[Stored dataset items]
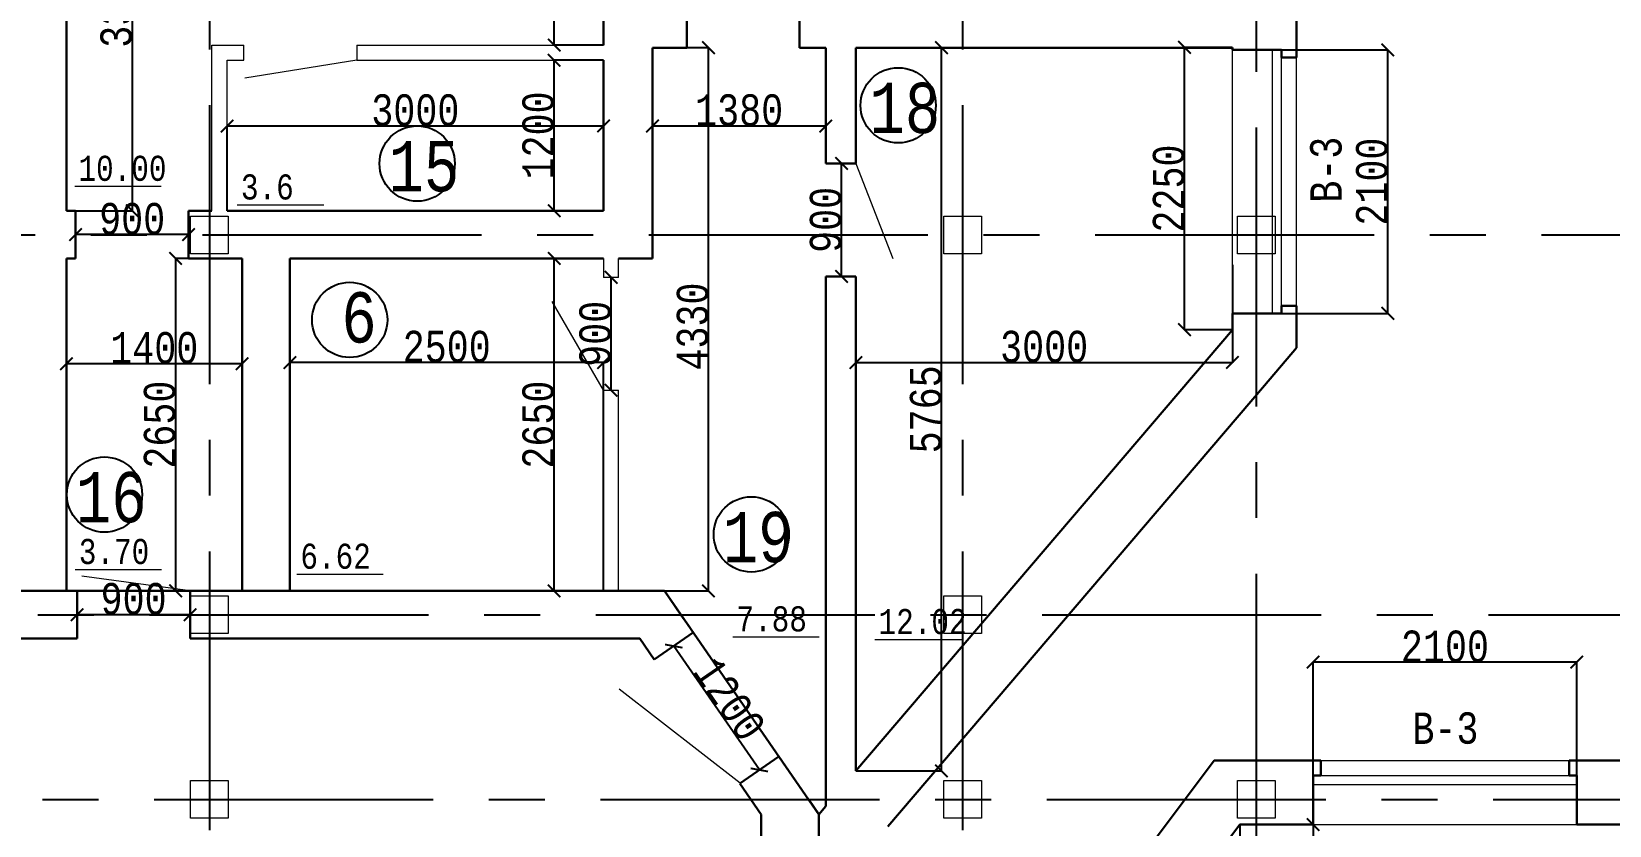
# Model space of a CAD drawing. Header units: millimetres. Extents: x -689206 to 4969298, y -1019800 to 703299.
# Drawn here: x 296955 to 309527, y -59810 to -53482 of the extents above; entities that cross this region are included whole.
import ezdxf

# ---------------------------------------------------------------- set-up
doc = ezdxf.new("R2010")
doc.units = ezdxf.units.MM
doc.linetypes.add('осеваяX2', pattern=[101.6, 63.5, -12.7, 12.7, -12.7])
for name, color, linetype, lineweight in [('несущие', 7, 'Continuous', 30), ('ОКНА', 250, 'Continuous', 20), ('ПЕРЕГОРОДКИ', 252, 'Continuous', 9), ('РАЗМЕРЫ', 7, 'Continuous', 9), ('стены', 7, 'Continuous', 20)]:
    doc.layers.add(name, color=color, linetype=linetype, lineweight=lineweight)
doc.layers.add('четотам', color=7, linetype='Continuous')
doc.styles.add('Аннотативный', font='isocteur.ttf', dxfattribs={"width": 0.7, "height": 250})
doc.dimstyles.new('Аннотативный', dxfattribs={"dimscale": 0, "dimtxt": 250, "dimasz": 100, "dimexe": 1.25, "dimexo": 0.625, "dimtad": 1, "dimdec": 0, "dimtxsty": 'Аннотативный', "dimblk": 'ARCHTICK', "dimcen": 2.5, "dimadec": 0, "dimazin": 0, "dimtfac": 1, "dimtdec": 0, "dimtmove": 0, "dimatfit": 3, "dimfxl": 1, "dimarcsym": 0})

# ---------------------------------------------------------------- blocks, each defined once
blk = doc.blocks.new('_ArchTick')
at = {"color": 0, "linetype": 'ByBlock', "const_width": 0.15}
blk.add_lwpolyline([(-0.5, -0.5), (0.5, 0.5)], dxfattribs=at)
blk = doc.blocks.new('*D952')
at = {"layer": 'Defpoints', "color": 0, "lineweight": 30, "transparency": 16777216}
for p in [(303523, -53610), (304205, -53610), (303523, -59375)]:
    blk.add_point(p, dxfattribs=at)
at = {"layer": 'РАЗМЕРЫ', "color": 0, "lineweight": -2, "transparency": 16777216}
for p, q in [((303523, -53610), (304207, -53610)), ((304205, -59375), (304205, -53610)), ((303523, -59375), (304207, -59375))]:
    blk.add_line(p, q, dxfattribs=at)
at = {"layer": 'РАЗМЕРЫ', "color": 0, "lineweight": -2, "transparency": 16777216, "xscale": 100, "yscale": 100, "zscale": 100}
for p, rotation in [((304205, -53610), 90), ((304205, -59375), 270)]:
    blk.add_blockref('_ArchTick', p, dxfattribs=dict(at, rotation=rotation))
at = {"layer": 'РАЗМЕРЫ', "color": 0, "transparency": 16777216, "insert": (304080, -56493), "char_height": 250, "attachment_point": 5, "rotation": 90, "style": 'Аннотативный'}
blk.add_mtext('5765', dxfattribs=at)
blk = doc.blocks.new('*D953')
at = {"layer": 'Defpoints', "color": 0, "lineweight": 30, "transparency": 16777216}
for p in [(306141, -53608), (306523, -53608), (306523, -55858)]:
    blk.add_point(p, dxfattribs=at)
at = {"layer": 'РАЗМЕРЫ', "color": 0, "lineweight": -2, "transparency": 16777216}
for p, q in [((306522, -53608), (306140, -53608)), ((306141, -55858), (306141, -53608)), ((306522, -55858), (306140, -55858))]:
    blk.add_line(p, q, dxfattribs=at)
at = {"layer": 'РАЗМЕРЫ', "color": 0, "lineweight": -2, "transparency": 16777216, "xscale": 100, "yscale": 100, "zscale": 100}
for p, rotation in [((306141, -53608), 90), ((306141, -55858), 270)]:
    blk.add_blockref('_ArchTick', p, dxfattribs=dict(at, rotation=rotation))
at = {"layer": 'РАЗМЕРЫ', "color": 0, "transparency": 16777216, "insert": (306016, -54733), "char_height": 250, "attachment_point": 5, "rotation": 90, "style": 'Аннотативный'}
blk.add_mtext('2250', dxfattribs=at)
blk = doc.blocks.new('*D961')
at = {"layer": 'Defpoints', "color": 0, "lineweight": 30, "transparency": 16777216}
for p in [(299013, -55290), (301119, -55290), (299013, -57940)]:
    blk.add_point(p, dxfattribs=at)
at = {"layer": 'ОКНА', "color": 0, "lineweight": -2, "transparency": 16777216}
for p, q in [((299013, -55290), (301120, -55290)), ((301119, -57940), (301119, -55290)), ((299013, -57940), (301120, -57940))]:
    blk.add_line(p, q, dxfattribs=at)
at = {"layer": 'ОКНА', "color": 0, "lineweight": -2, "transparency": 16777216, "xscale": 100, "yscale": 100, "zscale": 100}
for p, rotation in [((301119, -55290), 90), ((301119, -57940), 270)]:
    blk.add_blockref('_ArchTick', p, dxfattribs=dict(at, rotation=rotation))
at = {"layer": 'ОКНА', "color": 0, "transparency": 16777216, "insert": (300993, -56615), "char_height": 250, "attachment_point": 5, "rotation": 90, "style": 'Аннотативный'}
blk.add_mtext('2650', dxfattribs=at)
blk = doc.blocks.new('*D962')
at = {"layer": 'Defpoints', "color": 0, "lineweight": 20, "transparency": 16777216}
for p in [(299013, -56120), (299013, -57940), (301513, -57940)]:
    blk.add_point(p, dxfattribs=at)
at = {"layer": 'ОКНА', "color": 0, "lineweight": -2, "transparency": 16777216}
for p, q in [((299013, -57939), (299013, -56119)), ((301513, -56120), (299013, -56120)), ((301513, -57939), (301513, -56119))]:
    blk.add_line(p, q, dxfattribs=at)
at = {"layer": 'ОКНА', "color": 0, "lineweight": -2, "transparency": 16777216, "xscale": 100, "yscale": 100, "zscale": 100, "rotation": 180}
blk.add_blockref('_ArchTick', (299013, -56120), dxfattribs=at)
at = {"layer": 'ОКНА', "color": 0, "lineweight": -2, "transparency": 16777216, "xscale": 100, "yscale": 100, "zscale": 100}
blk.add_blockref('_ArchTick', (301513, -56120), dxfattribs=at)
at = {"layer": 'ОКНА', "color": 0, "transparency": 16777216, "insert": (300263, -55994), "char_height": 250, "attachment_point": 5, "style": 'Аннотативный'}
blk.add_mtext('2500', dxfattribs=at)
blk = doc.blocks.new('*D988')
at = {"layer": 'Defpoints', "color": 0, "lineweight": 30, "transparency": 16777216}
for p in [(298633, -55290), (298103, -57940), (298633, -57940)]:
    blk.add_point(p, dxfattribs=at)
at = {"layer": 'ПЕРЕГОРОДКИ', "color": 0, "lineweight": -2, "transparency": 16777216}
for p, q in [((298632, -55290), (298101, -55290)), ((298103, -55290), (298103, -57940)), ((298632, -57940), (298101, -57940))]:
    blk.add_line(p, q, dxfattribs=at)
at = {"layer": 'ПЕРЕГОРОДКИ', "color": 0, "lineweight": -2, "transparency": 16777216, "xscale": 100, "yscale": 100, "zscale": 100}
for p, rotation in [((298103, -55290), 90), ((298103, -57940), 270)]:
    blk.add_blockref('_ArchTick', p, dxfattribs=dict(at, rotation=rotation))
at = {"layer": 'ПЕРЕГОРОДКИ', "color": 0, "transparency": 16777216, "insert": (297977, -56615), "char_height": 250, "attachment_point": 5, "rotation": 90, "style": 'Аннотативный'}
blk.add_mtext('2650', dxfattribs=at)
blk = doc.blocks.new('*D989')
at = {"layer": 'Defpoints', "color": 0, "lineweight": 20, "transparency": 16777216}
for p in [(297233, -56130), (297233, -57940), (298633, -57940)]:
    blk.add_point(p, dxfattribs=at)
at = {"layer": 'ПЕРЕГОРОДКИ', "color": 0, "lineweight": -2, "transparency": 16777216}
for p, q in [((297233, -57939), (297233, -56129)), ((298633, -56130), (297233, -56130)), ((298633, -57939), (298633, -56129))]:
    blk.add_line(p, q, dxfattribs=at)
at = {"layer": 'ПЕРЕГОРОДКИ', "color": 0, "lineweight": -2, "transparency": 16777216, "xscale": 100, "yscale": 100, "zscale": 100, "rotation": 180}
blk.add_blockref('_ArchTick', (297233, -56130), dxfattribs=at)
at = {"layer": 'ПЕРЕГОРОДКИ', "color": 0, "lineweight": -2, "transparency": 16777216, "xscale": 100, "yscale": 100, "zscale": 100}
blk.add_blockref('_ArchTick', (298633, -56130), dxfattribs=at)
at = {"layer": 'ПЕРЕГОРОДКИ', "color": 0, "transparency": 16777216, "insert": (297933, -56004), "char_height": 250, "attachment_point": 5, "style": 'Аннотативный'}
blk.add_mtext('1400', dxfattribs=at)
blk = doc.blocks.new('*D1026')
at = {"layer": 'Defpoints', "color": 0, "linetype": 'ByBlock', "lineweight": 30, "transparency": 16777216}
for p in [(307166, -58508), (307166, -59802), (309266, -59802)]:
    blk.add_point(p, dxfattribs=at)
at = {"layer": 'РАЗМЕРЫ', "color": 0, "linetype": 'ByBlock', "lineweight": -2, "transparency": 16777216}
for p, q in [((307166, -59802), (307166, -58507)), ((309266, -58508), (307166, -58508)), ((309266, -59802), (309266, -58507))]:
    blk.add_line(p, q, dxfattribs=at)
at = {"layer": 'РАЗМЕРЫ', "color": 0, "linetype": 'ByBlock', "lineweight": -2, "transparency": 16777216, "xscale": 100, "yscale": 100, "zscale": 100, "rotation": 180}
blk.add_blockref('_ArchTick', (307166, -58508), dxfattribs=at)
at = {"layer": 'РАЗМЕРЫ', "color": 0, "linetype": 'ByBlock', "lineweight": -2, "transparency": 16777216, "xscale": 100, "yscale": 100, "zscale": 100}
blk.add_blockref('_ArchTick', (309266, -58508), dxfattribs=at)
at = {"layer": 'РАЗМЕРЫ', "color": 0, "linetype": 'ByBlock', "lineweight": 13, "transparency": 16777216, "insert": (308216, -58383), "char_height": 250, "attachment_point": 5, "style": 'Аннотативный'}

### Task statement:
Line count for the word "units": please state how many lines of the records above contain it, and nothing else.

### Task output:
2